Now Burton understood why he’d half-recognised the woman. “You deposited her right in the middle of a thoroughfare. She was hit by a vehicle.”

He felt it apposite to exclude the fact that he’d been driving it.

“It doesn’t matter. She was disposable. The demonstration is done.” Brunel turned a hand in front of Burton’s face. Blue sparks crawled up and down the fingers. “The stuff of time. I command it.”

“I see,” Burton responded. “And now you also have the ability to defy gravity. Floating down from the ceiling? Impressive, if somewhat theatrical.”

“Time and space are indivisible, Burton. The accretion of time suits has endowed me with dominion over both. Once I’ve properly learned how to employ the power—”

“Employ it? What do you intend to do with it?”

Brunel chimed a chuckle. “You said you came here to locate the Turing Fulcrum? The device you refer to is long obsolete. Its functions became spread across millions of devices, which grew in number and shrank in size. Now they number in trillions and are naked to the human eye.”

“Nanomechs.”

“Yes, and this—” The brass man gestured at the suits, which were now blurring around them. “This is in them all. And this is
me
.” He thumped a fist into his chest. “What shall I do? I have come home. I have fashioned the world. I am
everything
, and now I shall expand into the other histories and shape them, too. Every variant of every person will know their place; they will know where they belong and how they must contribute. They will feel safe. They will be content. They will have purpose.”
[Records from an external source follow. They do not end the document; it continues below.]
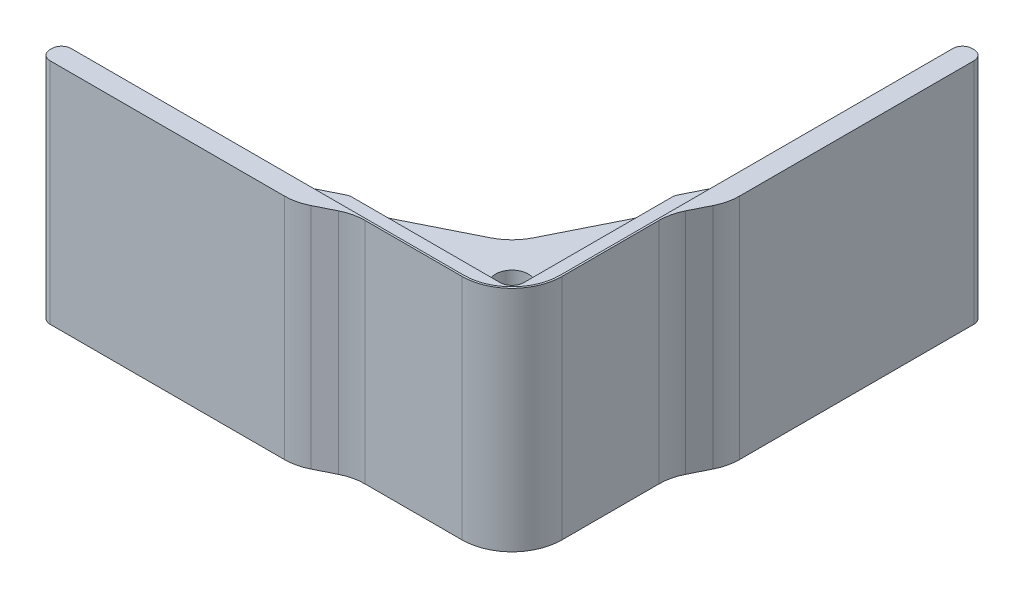
from build123d import *
from build123d.topology import SkipClean

# Parameters (mm, degrees)
SKETCH1_R           = 4.28625
BOSS_EXTRUDE1_DEPTH = 50.8
FILLET2_R           = 2.54
SKETCH7_W           = 42.968170869
SKETCH7_H           = 42.968170869
CUT_EXTRUDE3_DEPTH  = 3.429
FILLET9_R           = 3.175
BOSS_EXTRUDE2_DEPTH = 30.1625
CUT_EXTRUDE4_DEPTH  = 163.081683034
FILLET10_R          = 12.7


with BuildPart() as part:
    # Sketch1 → Boss-Extrude1 (new body)
    with BuildSketch(Plane(origin=(0, 0, 0), x_dir=(1, 0, 0), z_dir=(0, 1, 0))):
        with BuildLine():
            Line((-106.3752, -18.288), (0, -18.288))
            ThreePointArc((0, -18.288), (12.931568814, -12.931568814), (18.288, 0))
            Line((18.288, 0), (18.288, 106.3752))
            Line((18.288, 106.3752), (12.7, 106.3752))
            Line((12.7, 106.3752), (12.7, 53.934971632))
            Line((12.7, 53.934971632), (-9.469611004, 9.469611004))
            Line((-9.469611004, 9.469611004), (-53.934971632, -12.7))
            Line((-53.934971632, -12.7), (-106.3752, -12.7))
            Line((-106.3752, -12.7), (-106.3752, -18.288))
        make_face()
        Circle(SKETCH1_R, mode=Mode.SUBTRACT)
    extrude(amount=BOSS_EXTRUDE1_DEPTH)

    # Fillet2
    fillet2_edges = [part.edges().sort_by_distance(p)[0] for p in [
        (12.7, 25.4, -106.3752),
        (18.288, 25.4, -106.3752),
        (-106.3752, 25.4, 12.7),
        (-106.3752, 25.4, 18.288),
    ]]
    fillet(fillet2_edges, radius=FILLET2_R)

    # Sketch7 → Cut-Extrude3 (cut)
    with BuildSketch(Plane(origin=(0, 50.8, 0), x_dir=(1, 0, 0), z_dir=(0, 1, 0))):
        with Locations((-16.658085435, 16.658085435)):
            Rectangle(SKETCH7_W, SKETCH7_H)
    extrude(amount=-CUT_EXTRUDE3_DEPTH, mode=Mode.SUBTRACT)

    # Fillet9
    fillet9_edges = [part.edges().sort_by_distance(p)[0] for p in [
        (4.826, 49.0855, -38.142170869),
        (4.826, 49.0855, 4.826),
        (-38.142170869, 49.0855, 4.826),
    ]]
    fillet(fillet9_edges, radius=FILLET9_R)

    # Sketch8 → Boss-Extrude2 (add, symmetric)
    with SkipClean():  # the faces are left unmerged after this step: merging them gives an invalid solid
        with BuildSketch(Plane(origin=(0, 25.4, 0), x_dir=(1, 0, 0), z_dir=(0, 1, 0))):
            with BuildLine():
                Line((0, -12.7), (-103.8352, -12.7))
                ThreePointArc((-103.8352, -12.7), (-105.631251224, -13.443948776), (-106.3752, -15.24))
                Line((-106.3752, -15.24), (-106.3752, -15.748))
                ThreePointArc((-106.3752, -15.748), (-105.631251224, -17.544051224), (-103.8352, -18.288))
                Line((-103.8352, -18.288), (0, -18.288))
                ThreePointArc((0, -18.288), (12.931568814, -12.931568814), (18.288, 0))
                Line((18.288, 0), (18.288, 103.8352))
                ThreePointArc((18.288, 103.8352), (17.544051224, 105.631251224), (15.748, 106.3752))
                Line((15.748, 106.3752), (15.24, 106.3752))
                ThreePointArc((15.24, 106.3752), (13.443948776, 105.631251224), (12.7, 103.8352))
                Line((12.7, 103.8352), (12.7, 0))
                ThreePointArc((12.7, 0), (8.980256121, -8.980256121), (0, -12.7))
            make_face()
        extrude(amount=BOSS_EXTRUDE2_DEPTH, both=True)
    add(part.part.scale(1), mode=Mode.REPLACE)  # the faces are merged on a copy

    # Sketch9 → Cut-Extrude4 (cut, through all)
    with BuildSketch(Plane(origin=(0, 55.5625, 0), x_dir=(1, 0, 0), z_dir=(0, 1, 0))):
        with BuildLine():
            Line((-28.673096282, -13.208), (-38.862, -18.288))
            Line((-38.862, -18.288), (0, -18.288))
            ThreePointArc((0, -18.288), (12.931568814, -12.931568814), (18.288, 0))
            Line((18.288, 0), (18.288, 38.862))
            Line((18.288, 38.862), (13.208, 28.673096282))
            Line((13.208, 28.673096282), (13.208, 0))
            ThreePointArc((13.208, 0), (9.339466366, -9.339466366), (0, -13.208))
            Line((0, -13.208), (-28.673096282, -13.208))
        make_face()
    extrude(amount=-CUT_EXTRUDE4_DEPTH, mode=Mode.SUBTRACT)

    # Fillet10
    fillet10_edges = [part.edges().sort_by_distance(p)[0] for p in [
        (-38.862, 25.4, 18.288),
        (13.208, 25.4, -28.673096282),
        (18.288, 25.4, -38.862),
        (-28.673096282, 25.4, 13.208),
        (12.7, 25.4, -53.934971632),
        (-53.934971632, 25.4, 12.7),
        (-9.469611004, 23.6855, -9.469611004),
    ]]
    fillet(fillet10_edges, radius=FILLET10_R)


solid = part.part

Burton leaned into the air as it rushed around him. Above its howling, he yelled, “They will be enslaved. They will be subject to your insane whims. What of freedom?”

“A myth!” Brunel answered. “None of us are free. We are forever chained to the consequences of our actions. Time rules all. But I—” He put his head back and loosed a peal of demented laughter. “I rule time.”

A hand closed around Burton’s arm. He looked down and saw Swinburne at his side. His friend’s red hair was whipping about his head like an inferno.

“Hey!” the poet screeched at Brunel. “Hey! What of the seventh?”

Brunel lowered his face. “You are Swinburne, I believe?”

“How do you do. Pleased to meet you. Charmed, I’m sure. What of the seventh? You said seven births and seven events. You’ve only ranted about six.”

“Ranted?”

“Like a nutcase of the first order.”

“Obviously, you don’t value your life, little man.”

“And obviously you don’t value rationality. But enough of this delightful flirting. Number seven? Spit it out, old thing. I’m on the edge of my seat.”

The engineer swung up his Gatling gun and pointed it at the poet. “The final birth is yet to come, and with it the final event.” He slid the weapon sideways until it was aimed at the king’s agent. “You will initiate them, Burton.”

Burton raised a questioning eyebrow.

“As I have stated, I shall ask you a question,” Brunel said. “Through your answer, I will be completed, and the seventh event will be your death, quick and complete or slow and recurring, as you please.”

“Answer a question then die?” the king’s agent said. “That doesn’t sound like a particularly attractive deal. Why should I cooperate?”

“If you do not, I’ll torture your friends in front of you.”

“I thought you might say something like that. Very well, let’s get it over with. Ask.”

Brunel stepped closer and leaned down until his blank face was almost touching Burton’s. From the dark eye sockets, his red mechanical eyes burned.

“Tell me. What is my name? Who am I?”

“My hat!” Swinburne cried out. “You don’t know?”

Burton looked down and saw that one of Brunel’s hands was gripping the blade of his sword. He felt cold fingers slide around his throat, holding it gently but—he knew—able to close with such speed and force that he’d be decapitated in an instant.